*The task*. From the line containing "#10695 = AXIS2_PLACEMENT_3D" down to the last line of the material below, copy each line exactly and leave out the rest.

===== Given records

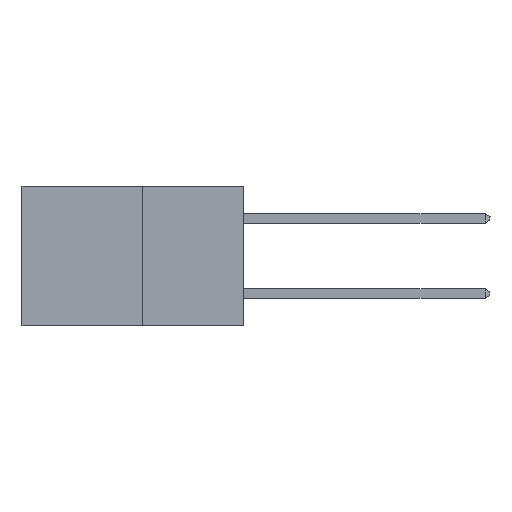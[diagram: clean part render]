
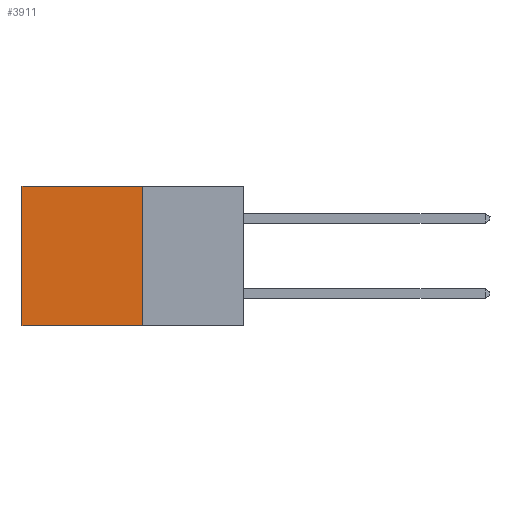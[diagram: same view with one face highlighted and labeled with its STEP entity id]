
A CAD part, left-side view. The second image highlights one B-rep face of the part: STEP entity #3911.
In plain terms, the highlighted planar face has unit normal (-1, 0, 0).
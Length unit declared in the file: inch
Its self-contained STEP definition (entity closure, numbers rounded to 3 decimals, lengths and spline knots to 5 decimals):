
#10 = VECTOR ( 'NONE', #2968, 39.37008 ) ;
#64 = CARTESIAN_POINT ( 'NONE',  ( 0.277, 0.27, -0.37 ) ) ;
#90 = CARTESIAN_POINT ( 'NONE',  ( 0.277, 0.59, -0.37 ) ) ;
#165 = ORIENTED_EDGE ( 'NONE', *, *, #4530, .T. ) ;
#978 = ORIENTED_EDGE ( 'NONE', *, *, #2448, .F. ) ;
#1055 = VERTEX_POINT ( 'NONE', #9545 ) ;
#1312 = LINE ( 'NONE', #13106, #13372 ) ;
#1327 = LINE ( 'NONE', #19419, #13381 ) ;
#2448 = EDGE_CURVE ( 'NONE', #1055, #19023, #1327, .T. ) ;
#2968 = DIRECTION ( 'NONE',  ( 0., 0., -1. ) ) ;
#3165 = CARTESIAN_POINT ( 'NONE',  ( 0.277, 0.59, -0.37 ) ) ;
#3911 = ADVANCED_FACE ( 'NONE', ( #14548 ), #12841, .F. ) ;
#4530 = EDGE_CURVE ( 'NONE', #10072, #18592, #17483, .T. ) ;
#6502 = ORIENTED_EDGE ( 'NONE', *, *, #12685, .T. ) ;
#7345 = EDGE_LOOP ( 'NONE', ( #165, #17126, #978, #6502 ) ) ;
#8222 = DIRECTION ( 'NONE',  ( 0., 0., -1. ) ) ;
#8456 = CARTESIAN_POINT ( 'NONE',  ( 0.277, 0.59, 0. ) ) ;
#9545 = CARTESIAN_POINT ( 'NONE',  ( 0.277, 0.27, 0. ) ) ;
#10072 = VERTEX_POINT ( 'NONE', #8456 ) ;
#10287 = CARTESIAN_POINT ( 'NONE',  ( 0.277, 0.27, -0.37 ) ) ;
#10354 = DIRECTION ( 'NONE',  ( 0., 1., 0. ) ) ;
#10695 = AXIS2_PLACEMENT_3D ( 'NONE', #12981, #12816, #12776 ) ;
#12685 = EDGE_CURVE ( 'NONE', #1055, #10072, #1312, .T. ) ;
#12776 = DIRECTION ( 'NONE',  ( 0., 0., -1. ) ) ;
#12816 = DIRECTION ( 'NONE',  ( 1., 0., 0. ) ) ;
#12841 = PLANE ( 'NONE',  #10695 ) ;
#12981 = CARTESIAN_POINT ( 'NONE',  ( 0.277, 0.27, -0.37 ) ) ;
#13106 = CARTESIAN_POINT ( 'NONE',  ( 0.277, 0.27, 0. ) ) ;
#13372 = VECTOR ( 'NONE', #16108, 39.37008 ) ;
#13381 = VECTOR ( 'NONE', #8222, 39.37008 ) ;
#14548 = FACE_OUTER_BOUND ( 'NONE', #7345, .T. ) ;
#16108 = DIRECTION ( 'NONE',  ( 0., 1., 0. ) ) ;
#17126 = ORIENTED_EDGE ( 'NONE', *, *, #18238, .F. ) ;
#17483 = LINE ( 'NONE', #3165, #10 ) ;
#18238 = EDGE_CURVE ( 'NONE', #19023, #18592, #18929, .T. ) ;
#18471 = VECTOR ( 'NONE', #10354, 39.37008 ) ;
#18592 = VERTEX_POINT ( 'NONE', #90 ) ;
#18929 = LINE ( 'NONE', #10287, #18471 ) ;
#19023 = VERTEX_POINT ( 'NONE', #64 ) ;
#19419 = CARTESIAN_POINT ( 'NONE',  ( 0.277, 0.27, -0.37 ) ) ;

==========

*Response below*.
#10695 = AXIS2_PLACEMENT_3D ( 'NONE', #12981, #12816, #12776 ) ;
#12685 = EDGE_CURVE ( 'NONE', #1055, #10072, #1312, .T. ) ;
#12776 = DIRECTION ( 'NONE',  ( 0., 0., -1. ) ) ;
#12816 = DIRECTION ( 'NONE',  ( 1., 0., 0. ) ) ;
#12841 = PLANE ( 'NONE',  #10695 ) ;
#12981 = CARTESIAN_POINT ( 'NONE',  ( 0.277, 0.27, -0.37 ) ) ;
#13106 = CARTESIAN_POINT ( 'NONE',  ( 0.277, 0.27, 0. ) ) ;
#13372 = VECTOR ( 'NONE', #16108, 39.37008 ) ;
#13381 = VECTOR ( 'NONE', #8222, 39.37008 ) ;
#14548 = FACE_OUTER_BOUND ( 'NONE', #7345, .T. ) ;
#16108 = DIRECTION ( 'NONE',  ( 0., 1., 0. ) ) ;
#17126 = ORIENTED_EDGE ( 'NONE', *, *, #18238, .F. ) ;
#17483 = LINE ( 'NONE', #3165, #10 ) ;
#18238 = EDGE_CURVE ( 'NONE', #19023, #18592, #18929, .T. ) ;
#18471 = VECTOR ( 'NONE', #10354, 39.37008 ) ;
#18592 = VERTEX_POINT ( 'NONE', #90 ) ;
#18929 = LINE ( 'NONE', #10287, #18471 ) ;
#19023 = VERTEX_POINT ( 'NONE', #64 ) ;
#19419 = CARTESIAN_POINT ( 'NONE',  ( 0.277, 0.27, -0.37 ) ) ;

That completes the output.